_TO DO_. If a line in the data below contains "ThreePointArc", copy it.

_INFORMATION GIVEN_.
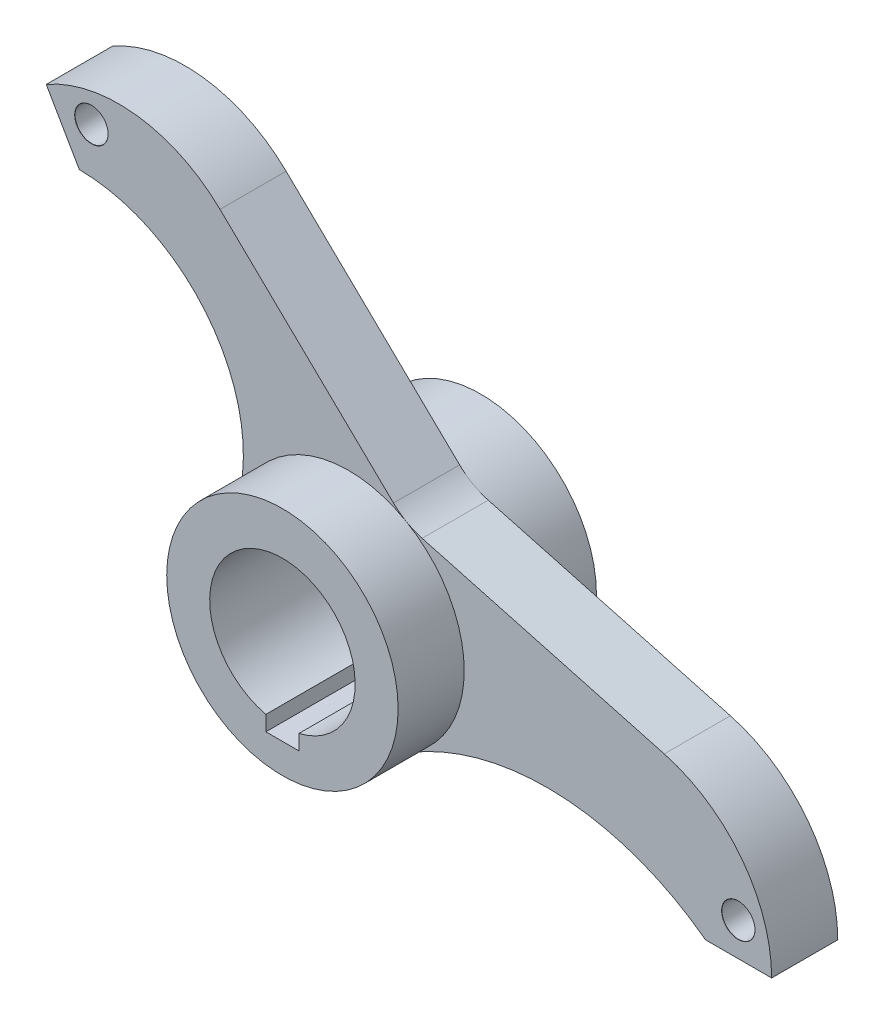
from build123d import *

# Parameters (mm, degrees)
SCHIZZO2_R                   = 17.5
ESTRUSIONE_ESTRUSIONE2_DEPTH = 15
ESTRUSIONE_ESTRUSIONE3_DEPTH = 5
FORO_5_0_5_1_D               = 5
FORO_5_0_5_1_CSINK_D         = 5.05
FORO_5_0_5_1_CSINK_ANGLE     = 90


with BuildPart() as part:
    # Schizzo2 → Estrusione-Estrusione2 (new, symmetric)
    with BuildSketch(Plane.XY):
        Circle(SCHIZZO2_R)
        with BuildLine():
            ThreePointArc((2.5, -10.712142643), (0, 11), (-2.5, -10.712142643))
            Line((-2.5, -10.712142643), (-2.5, -13))
            Line((-2.5, -13), (2.5, -13))
            Line((2.5, -13), (2.5, -10.712142643))
        make_face(mode=Mode.SUBTRACT)
    extrude(amount=ESTRUSIONE_ESTRUSIONE2_DEPTH, both=True)

    # Schizzo2<8> → Estrusione-Estrusione3 (add, symmetric)
    with BuildSketch(Plane.XY):
        with BuildLine():
            Line((-45.722431864, 45.193575035), (-40.722431864, 36.533320997))
            ThreePointArc((-40.722431864, 36.533320997), (-20.917414575, 26.550556749), (-16.843225773, 4.749288954))
            ThreePointArc((-16.843225773, 4.749288954), (-6.591440531, 16.211197109), (8.750000884, 15.155444056))
            ThreePointArc((8.750000884, 15.155444056), (7.731750254, 15.829418494), (6.803236294, 16.62247443))
            Line((6.803236294, 16.62247443), (-19.439551712, 41.966109335))
            ThreePointArc((-19.439551712, 41.966109335), (-32.041033104, 47.97699794), (-45.722431864, 45.193575035))
        make_face()
        with BuildLine():
            ThreePointArc((17.5, 0), (15.268302341, -8.551546271), (9.142406443, -14.922010737))
            ThreePointArc((9.142406443, -14.922010737), (31.890315924, -9.07231341), (54, -17))
            Line((54, -17), (64, -17))
            ThreePointArc((64, -17), (59.47377273, -3.633352456), (47.757521221, 4.233251032))
            Line((47.757521221, 4.233251032), (11.132944899, 14.164220862))
            ThreePointArc((11.132944899, 14.164220862), (9.909360784, 14.582633544), (8.750000884, 15.155444056))
            ThreePointArc((8.750000884, 15.155444056), (15.155444821, 8.749999558), (17.5, 0))
        make_face()
    extrude(amount=ESTRUSIONE_ESTRUSIONE3_DEPTH, both=True)

    # Foro Ø5.0 (5)-1 (through all)
    with Locations(Plane(origin=(-38.892335599, 43.363541782, 5), x_dir=(1, 0, 0), z_dir=(0, 0, 1))):
        with Locations((0, 0), (97.848441208, -55.318294404)):
            CounterSinkHole(FORO_5_0_5_1_D / 2, FORO_5_0_5_1_CSINK_D / 2, counter_sink_angle=FORO_5_0_5_1_CSINK_ANGLE)


solid = part.part

_RESPONSE TO THE TASK_.
            ThreePointArc((2.5, -10.712142643), (0, 11), (-2.5, -10.712142643))
            ThreePointArc((-40.722431864, 36.533320997), (-20.917414575, 26.550556749), (-16.843225773, 4.749288954))
            ThreePointArc((-16.843225773, 4.749288954), (-6.591440531, 16.211197109), (8.750000884, 15.155444056))
            ThreePointArc((8.750000884, 15.155444056), (7.731750254, 15.829418494), (6.803236294, 16.62247443))
            ThreePointArc((-19.439551712, 41.966109335), (-32.041033104, 47.97699794), (-45.722431864, 45.193575035))
            ThreePointArc((17.5, 0), (15.268302341, -8.551546271), (9.142406443, -14.922010737))
            ThreePointArc((9.142406443, -14.922010737), (31.890315924, -9.07231341), (54, -17))
            ThreePointArc((64, -17), (59.47377273, -3.633352456), (47.757521221, 4.233251032))
            ThreePointArc((11.132944899, 14.164220862), (9.909360784, 14.582633544), (8.750000884, 15.155444056))
            ThreePointArc((8.750000884, 15.155444056), (15.155444821, 8.749999558), (17.5, 0))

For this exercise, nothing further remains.